EXERCISE REQUIREMENTS
Every record must appear in your copy exactly as written, with no pictures.

===== GIVEN ENTRIES =====

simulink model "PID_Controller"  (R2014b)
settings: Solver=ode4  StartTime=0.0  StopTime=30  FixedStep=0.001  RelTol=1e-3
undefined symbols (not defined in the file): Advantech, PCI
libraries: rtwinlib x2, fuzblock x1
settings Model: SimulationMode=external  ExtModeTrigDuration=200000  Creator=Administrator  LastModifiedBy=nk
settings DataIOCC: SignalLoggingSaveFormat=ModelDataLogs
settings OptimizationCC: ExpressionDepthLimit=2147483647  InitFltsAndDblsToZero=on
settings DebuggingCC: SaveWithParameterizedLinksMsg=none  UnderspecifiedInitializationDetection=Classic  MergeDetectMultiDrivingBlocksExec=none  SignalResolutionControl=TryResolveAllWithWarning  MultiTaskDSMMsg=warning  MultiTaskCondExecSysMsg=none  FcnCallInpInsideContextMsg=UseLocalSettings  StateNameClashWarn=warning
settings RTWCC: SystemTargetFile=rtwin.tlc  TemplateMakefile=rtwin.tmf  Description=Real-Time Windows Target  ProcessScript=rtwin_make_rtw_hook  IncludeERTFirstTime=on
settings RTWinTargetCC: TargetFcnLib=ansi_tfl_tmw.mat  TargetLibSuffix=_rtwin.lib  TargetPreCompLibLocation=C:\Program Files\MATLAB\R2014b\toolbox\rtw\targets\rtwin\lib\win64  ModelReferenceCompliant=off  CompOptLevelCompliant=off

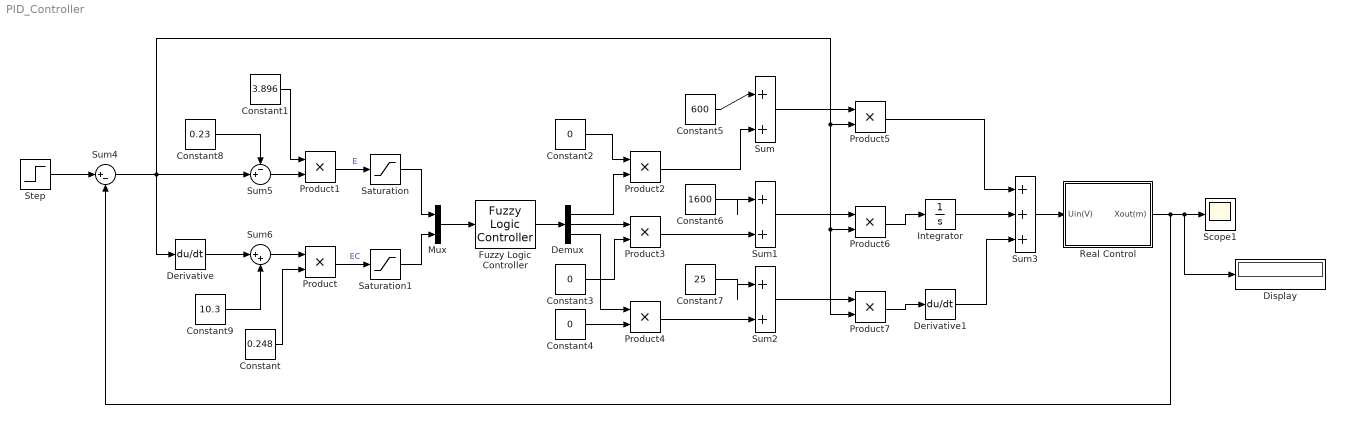
== system PID_Controller ==
  Constant : Constant  Value=0.248
  Constant1 : Constant  Value=3.896
  Constant2 : Constant  Value=0
  Constant3 : Constant  Value=0
  Constant4 : Constant  Value=0
  Constant5 : Constant  Value=600
  Constant6 : Constant  Value=1600
  Constant7 : Constant  Value=25
  Constant8 : Constant  Value=0.23
  Constant9 : Constant  Value=10.3
  Demux : Demux  Outputs=3
  Derivative : Derivative
  Derivative1 : Derivative
  Display : Display
  Fuzzy Logic Controller : fuzblock/Fuzzy Logic  Controller  fis=fzy
  Integrator : Integrator
  Mux : Mux  Inputs=2
  Product{,1..7} (8 alike) : Product
  Real Control : Subsystem
  Saturation : Saturate
  Saturation1 : Saturate
  Scope1 : Scope
      settings: YMin=-0.013  YMax=-0.009  SaveName=None  MaxDataPoints=500000000
  Step : Step  Time=15  Before=-0.01  After=-0.011  SampleTime=0
  Sum{,1..2,6} (4 alike) : Sum  Inputs=|++
  Sum3 : Sum  Inputs=+++
  Sum4 : Sum  Inputs=|+-
  Sum5 : Sum  Inputs=-+|
  wires:
  Constant1/1 -> Product1/1
  Sum4/1 -> Sum5/2, Derivative/1, Product7/2, Product6/2, Product5/2
  Constant/1 -> Product/2
  Product1/1 -> Saturation/1  "E"
  Product/1 -> Saturation1/1  "EC"
  Saturation/1 -> Mux/1
  Saturation1/1 -> Mux/2
  Mux/1 -> Fuzzy Logic Controller/1
  Fuzzy Logic Controller/1 -> Demux/1
  Demux/1 -> Product2/2
  Demux/2 -> Product3/1
  Demux/3 -> Product4/1
  Constant2/1 -> Product2/1
  Constant3/1 -> Product3/2
  Constant4/1 -> Product4/2
  Constant5/1 -> Sum/1
  Product2/1 -> Sum/2
  Constant6/1 -> Sum1/1
  Product3/1 -> Sum1/2
  Constant7/1 -> Sum2/1
  Product4/1 -> Sum2/2
  Sum/1 -> Product5/1
  Sum1/1 -> Product6/1
  Sum2/1 -> Product7/1
  Product5/1 -> Sum3/1
  Product6/1 -> Integrator/1
  Integrator/1 -> Sum3/2
  Product7/1 -> Derivative1/1
  Derivative1/1 -> Sum3/3
  Step/1 -> Sum4/1
  Sum3/1 -> Real Control/1(Uin(V))
  Real Control/1(Xout(m)) -> Sum4/2, Display/1, Scope1/1
  Sum5/1 -> Product1/2
  Constant8/1 -> Sum5/1
  Constant9/1 -> Sum6/2
  Derivative/1 -> Sum6/1
  Sum6/1 -> Product/1

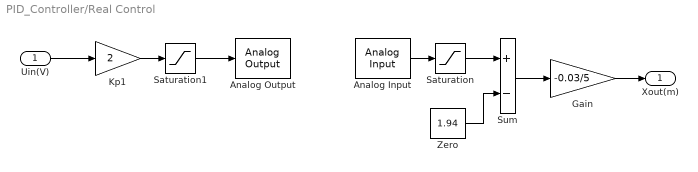
== system PID_Controller/Real Control ==
  Uin(V) : Inport
  Analog Input : rtwinlib/Analog Input  SampleTime=0.001  MaxMissedTicks=10  ShowMissedTicks=off  YieldWhenWaiting=off  DrvName=Advantech/PCI-1711  DrvAddress=4294967295  DrvOptions=zeros(1,0)  Channels=1  RangeMode=1  VoltRange=2  DataType=1
      settings: AttributesFormatString=Advantech\nPCI-1711 [auto]
  Analog Output : rtwinlib/Analog Output  SampleTime=0.001  MaxMissedTicks=10  ShowMissedTicks=off  YieldWhenWaiting=off  DrvName=Advantech/PCI-1711  DrvAddress=4294967295  DrvOptions=zeros(1,0)  Channels=1  RangeMode=1  VoltRange=2  InitialValue=-10  FinalValue=-10
      settings: AttributesFormatString=Advantech\nPCI-1711 [auto]
  Gain : Gain  Gain=-0.03/5  SaturateOnIntegerOverflow=on  OutDataTypeStr=Inherit: Same as input  ParamDataTypeStr=Inherit: Same as input
  Kp1 : Gain  Gain=2  SaturateOnIntegerOverflow=on  OutDataTypeStr=Inherit: Same as input  ParamDataTypeStr=Inherit: Same as input
  Saturation : Saturate  UpperLimit=5  LowerLimit=0
  Saturation1 : Saturate  UpperLimit=10  LowerLimit=0
  Sum : Sum  Inputs=+-  SaturateOnIntegerOverflow=on  OutDataTypeStr=Inherit: Same as first input
  Zero : Constant  Value=1.94  SampleTime=-1
  Xout(m) : Outport
  wires:
  Gain/1 -> Xout(m)/1
  Zero/1 -> Sum/2
  Sum/1 -> Gain/1
  Saturation/1 -> Sum/1
  Analog Input/1 -> Saturation/1
  Kp1/1 -> Saturation1/1
  Uin(V)/1 -> Kp1/1
  Saturation1/1 -> Analog Output/1

=====

RESULT
simulink model "PID_Controller"  (R2014b)
settings: Solver=ode4  StartTime=0.0  StopTime=30  FixedStep=0.001  RelTol=1e-3
undefined symbols (not defined in the file): Advantech, PCI
libraries: rtwinlib x2, fuzblock x1
settings Model: SimulationMode=external  ExtModeTrigDuration=200000  Creator=Administrator  LastModifiedBy=nk
settings DataIOCC: SignalLoggingSaveFormat=ModelDataLogs
settings OptimizationCC: ExpressionDepthLimit=2147483647  InitFltsAndDblsToZero=on
settings DebuggingCC: SaveWithParameterizedLinksMsg=none  UnderspecifiedInitializationDetection=Classic  MergeDetectMultiDrivingBlocksExec=none  SignalResolutionControl=TryResolveAllWithWarning  MultiTaskDSMMsg=warning  MultiTaskCondExecSysMsg=none  FcnCallInpInsideContextMsg=UseLocalSettings  StateNameClashWarn=warning
settings RTWCC: SystemTargetFile=rtwin.tlc  TemplateMakefile=rtwin.tmf  Description=Real-Time Windows Target  ProcessScript=rtwin_make_rtw_hook  IncludeERTFirstTime=on
settings RTWinTargetCC: TargetFcnLib=ansi_tfl_tmw.mat  TargetLibSuffix=_rtwin.lib  TargetPreCompLibLocation=C:\Program Files\MATLAB\R2014b\toolbox\rtw\targets\rtwin\lib\win64  ModelReferenceCompliant=off  CompOptLevelCompliant=off

== system PID_Controller ==
  Constant : Constant  Value=0.248
  Constant1 : Constant  Value=3.896
  Constant2 : Constant  Value=0
  Constant3 : Constant  Value=0
  Constant4 : Constant  Value=0
  Constant5 : Constant  Value=600
  Constant6 : Constant  Value=1600
  Constant7 : Constant  Value=25
  Constant8 : Constant  Value=0.23
  Constant9 : Constant  Value=10.3
  Demux : Demux  Outputs=3
  Derivative : Derivative
  Derivative1 : Derivative
  Display : Display
  Fuzzy Logic Controller : fuzblock/Fuzzy Logic  Controller  fis=fzy
  Integrator : Integrator
  Mux : Mux  Inputs=2
  Product{,1..7} (8 alike) : Product
  Real Control : Subsystem
  Saturation : Saturate
  Saturation1 : Saturate
  Scope1 : Scope
      settings: YMin=-0.013  YMax=-0.009  SaveName=None  MaxDataPoints=500000000
  Step : Step  Time=15  Before=-0.01  After=-0.011  SampleTime=0
  Sum{,1..2,6} (4 alike) : Sum  Inputs=|++
  Sum3 : Sum  Inputs=+++
  Sum4 : Sum  Inputs=|+-
  Sum5 : Sum  Inputs=-+|
  wires:
  Constant1/1 -> Product1/1
  Sum4/1 -> Sum5/2, Derivative/1, Product7/2, Product6/2, Product5/2
  Constant/1 -> Product/2
  Product1/1 -> Saturation/1  "E"
  Product/1 -> Saturation1/1  "EC"
  Saturation/1 -> Mux/1
  Saturation1/1 -> Mux/2
  Mux/1 -> Fuzzy Logic Controller/1
  Fuzzy Logic Controller/1 -> Demux/1
  Demux/1 -> Product2/2
  Demux/2 -> Product3/1
  Demux/3 -> Product4/1
  Constant2/1 -> Product2/1
  Constant3/1 -> Product3/2
  Constant4/1 -> Product4/2
  Constant5/1 -> Sum/1
  Product2/1 -> Sum/2
  Constant6/1 -> Sum1/1
  Product3/1 -> Sum1/2
  Constant7/1 -> Sum2/1
  Product4/1 -> Sum2/2
  Sum/1 -> Product5/1
  Sum1/1 -> Product6/1
  Sum2/1 -> Product7/1
  Product5/1 -> Sum3/1
  Product6/1 -> Integrator/1
  Integrator/1 -> Sum3/2
  Product7/1 -> Derivative1/1
  Derivative1/1 -> Sum3/3
  Step/1 -> Sum4/1
  Sum3/1 -> Real Control/1(Uin(V))
  Real Control/1(Xout(m)) -> Sum4/2, Display/1, Scope1/1
  Sum5/1 -> Product1/2
  Constant8/1 -> Sum5/1
  Constant9/1 -> Sum6/2
  Derivative/1 -> Sum6/1
  Sum6/1 -> Product/1

== system PID_Controller/Real Control ==
  Uin(V) : Inport
  Analog Input : rtwinlib/Analog Input  SampleTime=0.001  MaxMissedTicks=10  ShowMissedTicks=off  YieldWhenWaiting=off  DrvName=Advantech/PCI-1711  DrvAddress=4294967295  DrvOptions=zeros(1,0)  Channels=1  RangeMode=1  VoltRange=2  DataType=1
      settings: AttributesFormatString=Advantech\nPCI-1711 [auto]
  Analog Output : rtwinlib/Analog Output  SampleTime=0.001  MaxMissedTicks=10  ShowMissedTicks=off  YieldWhenWaiting=off  DrvName=Advantech/PCI-1711  DrvAddress=4294967295  DrvOptions=zeros(1,0)  Channels=1  RangeMode=1  VoltRange=2  InitialValue=-10  FinalValue=-10
      settings: AttributesFormatString=Advantech\nPCI-1711 [auto]
  Gain : Gain  Gain=-0.03/5  SaturateOnIntegerOverflow=on  OutDataTypeStr=Inherit: Same as input  ParamDataTypeStr=Inherit: Same as input
  Kp1 : Gain  Gain=2  SaturateOnIntegerOverflow=on  OutDataTypeStr=Inherit: Same as input  ParamDataTypeStr=Inherit: Same as input
  Saturation : Saturate  UpperLimit=5  LowerLimit=0
  Saturation1 : Saturate  UpperLimit=10  LowerLimit=0
  Sum : Sum  Inputs=+-  SaturateOnIntegerOverflow=on  OutDataTypeStr=Inherit: Same as first input
  Zero : Constant  Value=1.94  SampleTime=-1
  Xout(m) : Outport
  wires:
  Gain/1 -> Xout(m)/1
  Zero/1 -> Sum/2
  Sum/1 -> Gain/1
  Saturation/1 -> Sum/1
  Analog Input/1 -> Saturation/1
  Kp1/1 -> Saturation1/1
  Uin(V)/1 -> Kp1/1
  Saturation1/1 -> Analog Output/1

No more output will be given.